Wednesday, June 29, 2005

Social Bookmarking in Yahoo's MyWeb 2.0

Yahoo launched a beta version of MyWeb 2.0 which integrates personalized searching with tagging and social bookmarking. From SearchEngineWatch:
With the release of MyWeb 2.0, Yahoo has added an extensive array of new features focused on community-based searching and sharing of information. "It basically enables people to tap into each other's personal web by searching their trust network of friends," said Eckart Walther, vice president, product management, Yahoo.

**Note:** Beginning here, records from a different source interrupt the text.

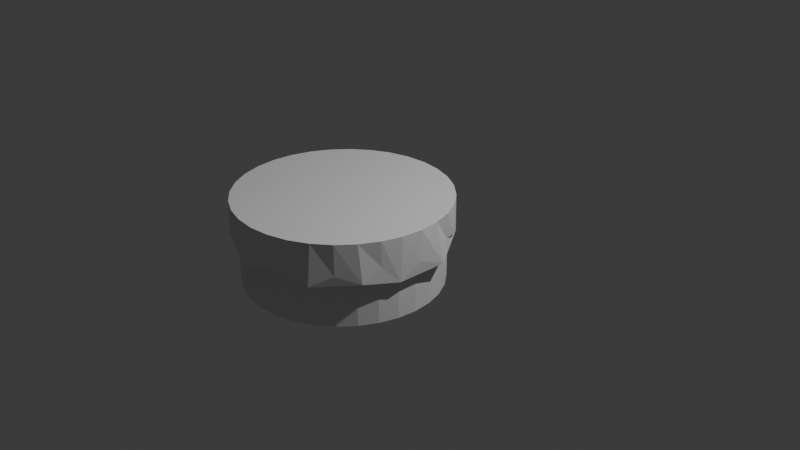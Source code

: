 # Source: cakev1.blend  (saved by Blender 4.4.30; exported with 4.5.12 LTS)
import bpy
from mathutils import Matrix  # noqa: F401  (used for matrix-valued properties, if any)

bpy.ops.wm.read_factory_settings(use_empty=True)
scene = bpy.context.scene
scene.name = 'Scene'

# ---- collections
col_collection = bpy.data.collections.new('Collection'); scene.collection.children.link(col_collection)

# ---- world
world_world = bpy.data.worlds.new('World'); scene.world = world_world
world_world.use_nodes = True; world_world.node_tree.nodes.clear()
_N = world_world.node_tree.nodes; _L = world_world.node_tree.links
n0 = _N.new('ShaderNodeOutputWorld'); n0.name = 'World Output'; n0.location = (300, 300)
n1 = _N.new('ShaderNodeBackground'); n1.name = 'Background'; n1.location = (10, 300)
n1.inputs[0].default_value = (0.05088, 0.05088, 0.05088, 1.0)
_L.new(n1.outputs[0], n0.inputs[0])
n0.is_active_output = True
world_world.color = (0.05088, 0.05088, 0.05088)
world_world.sun_shadow_jitter_overblur = 0.0

# ---- cameras
cam_camera = bpy.data.cameras.new('Camera')
cam_camera.clip_end = 100.0
cam_camera.ortho_scale = 7.314

# ---- lights
light_light = bpy.data.lights.new('Light', 'POINT')
light_light.energy = 1000.0
light_light.shadow_soft_size = 0.1

# ---- meshes
me_cylinder = bpy.data.meshes.new('Cylinder')
me_cylinder.from_pydata([(0.0, 1.0, -1.0), (0.0, 1.0, 1.0), (0.1951, 0.9808, -1.0), (0.1951, 0.9808, 1.0), (0.3827, 0.9239, -1.0), (0.3827, 0.9239, 1.0), (0.5556, 0.8315, -1.0), (0.5556, 0.8315, 1.0), (0.7071, 0.7071, -1.0), (0.7071, 0.7071, 1.0), (0.8315, 0.5556, -1.0), (0.8315, 0.5556, 1.0), (0.9239, 0.3827, -1.0), (0.9239, 0.3827, 1.0), (0.9808, 0.1951, -1.0), (0.9808, 0.1951, 1.0), (1.0, 0.0, -1.0), (1.0, 0.0, 1.0), (0.9808, -0.1951, -1.0), (0.9808, -0.1951, 1.0), (0.9239, -0.3827, -1.0), (0.9239, -0.3827, 1.0), (0.8315, -0.5556, -1.0), (0.8315, -0.5556, 1.0), (0.7071, -0.7071, -1.0), (0.7071, -0.7071, 1.0), (0.5556, -0.8315, -1.0), (0.5556, -0.8315, 1.0), (0.3827, -0.9239, -1.0), (0.3827, -0.9239, 1.0), (0.1951, -0.9808, -1.0), (0.1951, -0.9808, 1.0), (0.0, -1.0, -1.0), (0.0, -1.0, 1.0), (-0.1951, -0.9808, -1.0), (-0.1951, -0.9808, 1.0), (-0.3827, -0.9239, -1.0), (-0.3827, -0.9239, 1.0), (-0.5556, -0.8315, -1.0), (-0.5556, -0.8315, 1.0), (-0.7071, -0.7071, -1.0), (-0.7071, -0.7071, 1.0), (-0.8315, -0.5556, -1.0), (-0.8315, -0.5556, 1.0), (-0.9239, -0.3827, -1.0), (-0.9239, -0.3827, 1.0), (-0.9808, -0.1951, -1.0), (-0.9808, -0.1951, 1.0), (-1.0, 0.0, -1.0), (-1.0, 0.0, 1.0), (-0.9808, 0.1951, -1.0), (-0.9808, 0.1951, 1.0), (-0.9239, 0.3827, -1.0), (-0.9239, 0.3827, 1.0), (-0.8315, 0.5556, -1.0), (-0.8315, 0.5556, 1.0), (-0.7071, 0.7071, -1.0), (-0.7071, 0.7071, 1.0), (-0.5556, 0.8315, -1.0), (-0.5556, 0.8315, 1.0), (-0.3827, 0.9239, -1.0), (-0.3827, 0.9239, 1.0), (-0.1951, 0.9808, -1.0), (-0.1951, 0.9808, 1.0)], [], [(0, 1, 3, 2), (2, 3, 5, 4), (4, 5, 7, 6), (6, 7, 9, 8), (8, 9, 11, 10), (10, 11, 13, 12), (12, 13, 15, 14), (14, 15, 17, 16), (16, 17, 19, 18), (18, 19, 21, 20), (20, 21, 23, 22), (22, 23, 25, 24), (24, 25, 27, 26), (26, 27, 29, 28), (28, 29, 31, 30), (30, 31, 33, 32), (32, 33, 35, 34), (34, 35, 37, 36), (36, 37, 39, 38), (38, 39, 41, 40), (40, 41, 43, 42), (42, 43, 45, 44), (44, 45, 47, 46), (46, 47, 49, 48), (48, 49, 51, 50), (50, 51, 53, 52), (52, 53, 55, 54), (54, 55, 57, 56), (56, 57, 59, 58), (58, 59, 61, 60), (3, 1, 63, 61, 59, 57, 55, 53, 51, 49, 47, 45, 43, 41, 39, 37, 35, 33, 31, 29, 27, 25, 23, 21, 19, 17, 15, 13, 11, 9, 7, 5), (60, 61, 63, 62), (62, 63, 1, 0), (0, 2, 4, 6, 8, 10, 12, 14, 16, 18, 20, 22, 24, 26, 28, 30, 32, 34, 36, 38, 40, 42, 44, 46, 48, 50, 52, 54, 56, 58, 60, 62)])
_uv = me_cylinder.uv_layers.new(name='UVMap')
_uv.uv.foreach_set('vector', [1.0, 0.5, 1.0, 1.0, 0.9688, 1.0, 0.9688, 0.5, 0.9688, 0.5, 0.9688, 1.0, 0.9375, 1.0, 0.9375, 0.5, 0.9375, 0.5, 0.9375, 1.0, 0.9062, 1.0, 0.9062, 0.5, 0.9062, 0.5, 0.9062, 1.0, 0.875, 1.0, 0.875, 0.5, 0.875, 0.5, 0.875, 1.0, 0.8438, 1.0, 0.8438, 0.5, 0.8438, 0.5, 0.8438, 1.0, 0.8125, 1.0, 0.8125, 0.5, 0.8125, 0.5, 0.8125, 1.0, 0.7812, 1.0, 0.7812, 0.5, 0.7812, 0.5, 0.7812, 1.0, 0.75, 1.0, 0.75, 0.5, 0.75, 0.5, 0.75, 1.0, 0.7188, 1.0, 0.7188, 0.5, 0.7188, 0.5, 0.7188, 1.0, 0.6875, 1.0, 0.6875, 0.5, 0.6875, 0.5, 0.6875, 1.0, 0.6562, 1.0, 0.6562, 0.5, 0.6562, 0.5, 0.6562, 1.0, 0.625, 1.0, 0.625, 0.5, 0.625, 0.5, 0.625, 1.0, 0.5938, 1.0, 0.5938, 0.5, 0.5938, 0.5, 0.5938, 1.0, 0.5625, 1.0, 0.5625, 0.5, 0.5625, 0.5, 0.5625, 1.0, 0.5312, 1.0, 0.5312, 0.5, 0.5312, 0.5, 0.5312, 1.0, 0.5, 1.0, 0.5, 0.5, 0.5, 0.5, 0.5, 1.0, 0.4688, 1.0, 0.4688, 0.5, 0.4688, 0.5, 0.4688, 1.0, 0.4375, 1.0, 0.4375, 0.5, 0.4375, 0.5, 0.4375, 1.0, 0.4062, 1.0, 0.4062, 0.5, 0.4062, 0.5, 0.4062, 1.0, 0.375, 1.0, 0.375, 0.5, 0.375, 0.5, 0.375, 1.0, 0.3438, 1.0, 0.3438, 0.5, 0.3438, 0.5, 0.3438, 1.0, 0.3125, 1.0, 0.3125, 0.5, 0.3125, 0.5, 0.3125, 1.0, 0.2812, 1.0, 0.2812, 0.5, 0.2812, 0.5, 0.2812, 1.0, 0.25, 1.0, 0.25, 0.5, 0.25, 0.5, 0.25, 1.0, 0.2188, 1.0, 0.2188, 0.5, 0.2188, 0.5, 0.2188, 1.0, 0.1875, 1.0, 0.1875, 0.5, 0.1875, 0.5, 0.1875, 1.0, 0.1562, 1.0, 0.1562, 0.5, 0.1562, 0.5, 0.1562, 1.0, 0.125, 1.0, 0.125, 0.5, 0.125, 0.5, 0.125, 1.0, 0.09375, 1.0, 0.09375, 0.5, 0.09375, 0.5, 0.09375, 1.0, 0.0625, 1.0, 0.0625, 0.5, 0.2968, 0.4854, 0.25, 0.49, 0.2032, 0.4854, 0.1582, 0.4717, 0.1167, 0.4496, 0.08029, 0.4197, 0.05045, 0.3833, 0.02827, 0.3418, 0.01461, 0.2968, 0.01, 0.25, 0.01461, 0.2032, 0.02827, 0.1582, 0.05045, 0.1167, 0.08029, 0.08029, 0.1167, 0.05045, 0.1582, 0.02827, 0.2032, 0.01461, 0.25, 0.01, 0.2968, 0.01461, 0.3418, 0.02827, 0.3833, 0.05045, 0.4197, 0.08029, 0.4496, 0.1167, 0.4717, 0.1582, 0.4854, 0.2032, 0.49, 0.25, 0.4854, 0.2968, 0.4717, 0.3418, 0.4496, 0.3833, 0.4197, 0.4197, 0.3833, 0.4496, 0.3418, 0.4717, 0.0625, 0.5, 0.0625, 1.0, 0.03125, 1.0, 0.03125, 0.5, 0.03125, 0.5, 0.03125, 1.0, 0.0, 1.0, 0.0, 0.5, 0.75, 0.49, 0.7968, 0.4854, 0.8418, 0.4717, 0.8833, 0.4496, 0.9197, 0.4197, 0.9496, 0.3833, 0.9717, 0.3418, 0.9854, 0.2968, 0.99, 0.25, 0.9854, 0.2032, 0.9717, 0.1582, 0.9496, 0.1167, 0.9197, 0.08029, 0.8833, 0.05045, 0.8418, 0.02827, 0.7968, 0.01461, 0.75, 0.01, 0.7032, 0.01461, 0.6582, 0.02827, 0.6167, 0.05045, 0.5803, 0.08029, 0.5504, 0.1167, 0.5283, 0.1582, 0.5146, 0.2032, 0.51, 0.25, 0.5146, 0.2968, 0.5283, 0.3418, 0.5504, 0.3833, 0.5803, 0.4197, 0.6167, 0.4496, 0.6582, 0.4717, 0.7032, 0.4854])
me_cylinder.update()
me_cylinder_001 = bpy.data.meshes.new('Cylinder.001')
me_cylinder_001.from_pydata([(-2.427e-09, 1.065, -1.064), (-2.427e-09, 1.065, 1.042), (0.208, 1.026, -2.519), (0.2077, 1.044, 1.042), (0.4311, 0.9927, -1.585), (0.4074, 0.9837, 1.042), (0.5918, 0.8856, -1.064), (0.5915, 0.8853, 1.042), (0.7516, 0.7564, -1.538), (0.7529, 0.7529, 1.042), (0.8856, 0.5918, -1.064), (0.8853, 0.5915, 1.042), (0.9457, 0.4379, -0.8739), (0.9837, 0.4074, 1.042), (1.074, 0.2673, -1.866), (1.044, 0.2077, 1.042), (1.065, 0.0, -1.064), (1.065, 0.0, 1.042), (1.035, -0.2296, -2.013), (1.044, -0.2077, 1.042), (0.9763, -0.3959, -0.7582), (0.9837, -0.4074, 1.042), (0.9159, -0.571, -1.653), (0.8853, -0.5915, 1.042), (0.7532, -0.7532, -1.064), (0.7529, -0.7529, 1.042), (0.5902, -0.9169, -1.807), (0.5915, -0.8853, 1.042), (0.4076, -0.9841, -1.064), (0.4074, -0.9837, 1.042), (0.2305, -1.052, -1.215), (0.2077, -1.044, 1.042), (-2.427e-09, -1.065, -1.064), (-2.427e-09, -1.065, 1.042), (-0.1784, -1.05, -2.143), (-0.2077, -1.044, 1.042), (-0.4076, -0.9841, -1.064), (-0.4074, -0.9837, 1.042), (-0.5938, -0.886, -1.185), (-0.5915, -0.8853, 1.042), (-0.717, -0.7351, -2.154), (-0.7529, -0.7529, 1.042), (-0.8838, -0.5917, -1.694), (-0.8853, -0.5915, 1.042), (-0.9726, -0.366, -2.354), (-0.9837, -0.4074, 1.042), (-1.05, -0.2096, -1.186), (-1.044, -0.2077, 1.042), (-1.038, -0.01315, -2.424), (-1.065, 0.0, 1.042), (-1.05, 0.206, -1.186), (-1.044, 0.2077, 1.042), (-0.9868, 0.4132, -1.174), (-0.9837, 0.4074, 1.042), (-0.7792, 0.8071, -2.129), (-0.8853, 0.5915, 1.042), (-0.7792, 0.8071, -2.129), (-0.7529, 0.7529, 1.042), (-0.6284, 0.9277, -2.778), (-0.5915, 0.8853, 1.042), (-0.4336, 1.038, -2.129), (-0.4074, 0.9837, 1.042), (-0.2105, 1.05, -1.174), (-0.2077, 1.044, 1.042)], [], [(0, 1, 3, 2), (2, 3, 5, 4), (4, 5, 7, 6), (6, 7, 9, 8), (8, 9, 11, 10), (10, 11, 13, 12), (12, 13, 15, 14), (14, 15, 17, 16), (16, 17, 19, 18), (18, 19, 21, 20), (20, 21, 23, 22), (22, 23, 25, 24), (24, 25, 27, 26), (26, 27, 29, 28), (28, 29, 31, 30), (30, 31, 33, 32), (32, 33, 35, 34), (34, 35, 37, 36), (36, 37, 39, 38), (38, 39, 41, 40), (40, 41, 43, 42), (42, 43, 45, 44), (44, 45, 47, 46), (46, 47, 49, 48), (48, 49, 51, 50), (50, 51, 53, 52), (52, 53, 55, 54), (54, 55, 57, 56), (56, 57, 59, 58), (58, 59, 61, 60), (3, 1, 63, 61, 59, 57, 55, 53, 51, 49, 47, 45, 43, 41, 39, 37, 35, 33, 31, 29, 27, 25, 23, 21, 19, 17, 15, 13, 11, 9, 7, 5), (60, 61, 63, 62), (62, 63, 1, 0), (0, 2, 4, 6, 8, 10, 12, 14, 16, 18, 20, 22, 24, 26, 28, 30, 32, 34, 36, 38, 40, 42, 44, 46, 48, 50, 52, 54, 56, 58, 60, 62)])
_uv = me_cylinder_001.uv_layers.new(name='UVMap')
_uv.uv.foreach_set('vector', [1.0, 0.5, 1.0, 1.0, 0.9688, 1.0, 0.9688, 0.5, 0.9688, 0.5, 0.9688, 1.0, 0.9375, 1.0, 0.9375, 0.5, 0.9375, 0.5, 0.9375, 1.0, 0.9062, 1.0, 0.9062, 0.5, 0.9062, 0.5, 0.9062, 1.0, 0.875, 1.0, 0.875, 0.5, 0.875, 0.5, 0.875, 1.0, 0.8438, 1.0, 0.8438, 0.5, 0.8438, 0.5, 0.8438, 1.0, 0.8125, 1.0, 0.8125, 0.5, 0.8125, 0.5, 0.8125, 1.0, 0.7812, 1.0, 0.7812, 0.5, 0.7812, 0.5, 0.7812, 1.0, 0.75, 1.0, 0.75, 0.5, 0.75, 0.5, 0.75, 1.0, 0.7188, 1.0, 0.7188, 0.5, 0.7188, 0.5, 0.7188, 1.0, 0.6875, 1.0, 0.6875, 0.5, 0.6875, 0.5, 0.6875, 1.0, 0.6562, 1.0, 0.6562, 0.5, 0.6562, 0.5, 0.6562, 1.0, 0.625, 1.0, 0.625, 0.5, 0.625, 0.5, 0.625, 1.0, 0.5938, 1.0, 0.5938, 0.5, 0.5938, 0.5, 0.5938, 1.0, 0.5625, 1.0, 0.5625, 0.5, 0.5625, 0.5, 0.5625, 1.0, 0.5312, 1.0, 0.5312, 0.5, 0.5312, 0.5, 0.5312, 1.0, 0.5, 1.0, 0.5, 0.5, 0.5, 0.5, 0.5, 1.0, 0.4688, 1.0, 0.4688, 0.5, 0.4688, 0.5, 0.4688, 1.0, 0.4375, 1.0, 0.4375, 0.5, 0.4375, 0.5, 0.4375, 1.0, 0.4062, 1.0, 0.4063, 0.5, 0.4063, 0.5, 0.4062, 1.0, 0.375, 1.0, 0.375, 0.5, 0.375, 0.5, 0.375, 1.0, 0.3438, 1.0, 0.3438, 0.5, 0.3438, 0.5, 0.3438, 1.0, 0.3125, 1.0, 0.3125, 0.5, 0.3125, 0.5, 0.3125, 1.0, 0.2812, 1.0, 0.2813, 0.5, 0.2813, 0.5, 0.2812, 1.0, 0.25, 1.0, 0.25, 0.5, 0.25, 0.5, 0.25, 1.0, 0.2188, 1.0, 0.2187, 0.5, 0.2187, 0.5, 0.2188, 1.0, 0.1875, 1.0, 0.1875, 0.5, 0.1875, 0.5, 0.1875, 1.0, 0.1562, 1.0, 0.125, 0.5, 0.125, 0.5, 0.1562, 1.0, 0.125, 1.0, 0.125, 0.5, 0.125, 0.5, 0.125, 1.0, 0.09375, 1.0, 0.09375, 0.5, 0.09375, 0.5, 0.09375, 1.0, 0.0625, 1.0, 0.0625, 0.5, 0.2968, 0.4854, 0.25, 0.49, 0.2032, 0.4854, 0.1582, 0.4717, 0.1167, 0.4496, 0.08029, 0.4197, 0.05045, 0.3833, 0.02827, 0.3418, 0.01461, 0.2968, 0.01, 0.25, 0.01461, 0.2032, 0.02827, 0.1582, 0.05045, 0.1167, 0.08029, 0.08029, 0.1167, 0.05045, 0.1582, 0.02827, 0.2032, 0.01461, 0.25, 0.01, 0.2968, 0.01461, 0.3418, 0.02827, 0.3833, 0.05045, 0.4197, 0.08029, 0.4496, 0.1167, 0.4717, 0.1582, 0.4854, 0.2032, 0.49, 0.25, 0.4854, 0.2968, 0.4717, 0.3418, 0.4496, 0.3833, 0.4197, 0.4197, 0.3833, 0.4496, 0.3418, 0.4717, 0.0625, 0.5, 0.0625, 1.0, 0.03125, 1.0, 0.03125, 0.5, 0.03125, 0.5, 0.03125, 1.0, 0.0, 1.0, 0.0, 0.5, 0.75, 0.49, 0.7968, 0.4854, 0.8418, 0.4717, 0.8833, 0.4496, 0.9197, 0.4197, 0.9496, 0.3833, 0.9717, 0.3418, 0.9854, 0.2968, 0.99, 0.25, 0.9854, 0.2032, 0.9717, 0.1582, 0.9496, 0.1167, 0.9197, 0.08029, 0.8833, 0.05045, 0.8418, 0.02827, 0.7968, 0.01461, 0.75, 0.01, 0.7032, 0.01461, 0.6582, 0.02827, 0.6167, 0.05045, 0.5803, 0.08029, 0.5504, 0.1167, 0.5283, 0.1582, 0.5146, 0.2032, 0.51, 0.25, 0.5146, 0.2968, 0.5283, 0.3418, 0.5803, 0.4197, 0.5803, 0.4197, 0.6167, 0.4496, 0.6582, 0.4717, 0.7032, 0.4854])
me_cylinder_001.update()

# ---- objects
ob_cylinder = bpy.data.objects.new('Cylinder', me_cylinder)
ob_cylinder_001 = bpy.data.objects.new('Cylinder.001', me_cylinder_001)
ob_light = bpy.data.objects.new('Light', light_light)
ob_camera = bpy.data.objects.new('Camera', cam_camera)

# ---- transforms, parenting, visibility, modifiers, constraints
ob_cylinder.location = (0.03431, -0.7693, 0.09609)
ob_cylinder.scale = (1.0, 1.0, 0.4185)
ob_cylinder_001.location = (0.03866, -0.7708, 0.3926)
ob_cylinder_001.scale = (1.01, 1.01, 0.1485)
ob_light.location = (4.076, 1.005, 5.904)
ob_light.rotation_euler = (0.6503, 0.05522, 1.866)
ob_light.lock_rotations_4d = False
ob_light.empty_display_type = 'ARROWS'
ob_light.color = (0.0, 0.0, 0.0, 0.0)
ob_light.lineart.crease_threshold = 0.0
ob_camera.location = (7.359, -6.926, 4.958)
ob_camera.rotation_euler = (1.109, 0.0, 0.8149)
ob_camera.lock_rotations_4d = False
ob_camera.empty_display_type = 'ARROWS'
ob_camera.color = (0.0, 0.0, 0.0, 0.0)
ob_camera.display_type = 'WIRE'
ob_camera.lineart.crease_threshold = 0.0

# ---- collection membership
scene.collection.objects.link(ob_cylinder)
scene.collection.objects.link(ob_cylinder_001)
col_collection.objects.link(ob_light)
col_collection.objects.link(ob_camera)

# ---- scene / render settings (as saved in the file)
scene.camera = ob_camera
scene.frame_start = 1; scene.frame_end = 250; scene.frame_set(1)
scene.render.engine = 'BLENDER_EEVEE_NEXT'
bpy.context.view_layer.update()

A major component of MyWeb 2.0 is the addition of "tagging," the ability to add descriptive keywords and annotations to pages you save. If tagging sounds suspiciously like a new way of saying "metadata" to you, you're absolutely correct. The idea behind tagging is to add structure that helps improve search results. In practice, tagging has problems that may or may not make it useful for your own searching. I'll talk about these issues in more detail below.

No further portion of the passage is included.